For more than a decade, women’s Relief Society leaders were invited to sit on the stand facing the pews during Sunday services among some Latter-day Saint congregations in the San Francisco Bay Area. It was an uncontroversial tradition until October, when an area president of The Church of Jesus Christ of Latter-day Saints ordered an end to the practice.

The move felt arbitrary to many members and was made without consulting any of the women affected, all of whom were devout believers.
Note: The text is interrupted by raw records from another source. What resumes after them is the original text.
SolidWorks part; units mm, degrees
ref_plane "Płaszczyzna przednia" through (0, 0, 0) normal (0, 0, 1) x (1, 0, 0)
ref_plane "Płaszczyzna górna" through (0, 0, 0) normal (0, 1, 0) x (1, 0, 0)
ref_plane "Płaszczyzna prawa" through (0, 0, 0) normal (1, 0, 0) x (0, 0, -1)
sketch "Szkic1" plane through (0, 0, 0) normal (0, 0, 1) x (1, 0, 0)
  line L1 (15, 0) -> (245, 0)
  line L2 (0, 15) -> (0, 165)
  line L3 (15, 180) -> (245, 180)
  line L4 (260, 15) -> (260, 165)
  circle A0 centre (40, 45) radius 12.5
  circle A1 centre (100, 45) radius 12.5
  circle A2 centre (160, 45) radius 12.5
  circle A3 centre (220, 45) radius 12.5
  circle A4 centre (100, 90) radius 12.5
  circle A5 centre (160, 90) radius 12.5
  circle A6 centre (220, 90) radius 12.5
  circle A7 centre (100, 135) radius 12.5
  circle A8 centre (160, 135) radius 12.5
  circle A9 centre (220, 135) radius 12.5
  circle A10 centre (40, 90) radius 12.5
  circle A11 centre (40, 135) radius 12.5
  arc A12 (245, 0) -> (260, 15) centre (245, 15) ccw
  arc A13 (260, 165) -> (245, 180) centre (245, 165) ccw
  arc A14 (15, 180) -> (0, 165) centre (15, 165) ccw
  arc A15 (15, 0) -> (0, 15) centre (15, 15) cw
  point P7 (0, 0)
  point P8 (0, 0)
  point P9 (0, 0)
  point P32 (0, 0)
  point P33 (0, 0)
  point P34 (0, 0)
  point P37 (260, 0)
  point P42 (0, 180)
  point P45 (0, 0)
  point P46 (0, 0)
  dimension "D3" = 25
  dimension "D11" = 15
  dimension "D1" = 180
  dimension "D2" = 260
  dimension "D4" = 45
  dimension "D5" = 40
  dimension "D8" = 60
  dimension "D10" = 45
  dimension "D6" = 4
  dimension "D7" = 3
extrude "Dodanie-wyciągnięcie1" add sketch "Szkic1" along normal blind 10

After a Salt Lake Tribune story about the edict, many women in the region and across the country are writing letters to church headquarters in Salt Lake City, explaining why the tradition had been good for women in a church governed by men as a sign of inclusion and gender equity.

On this week’s show, we discuss this issue with two women who have felt the impact personally: Amy Jensen, who has served as a Young Women leader in Lafayette, Calif., and Laurel McNeil, a current Relief Society president in Sunnyvale, Calif. One solution, they suggest, to bring uniformity to Latter-day Saint services: Invite women’s leaders to sit on the stand in congregations across the globe.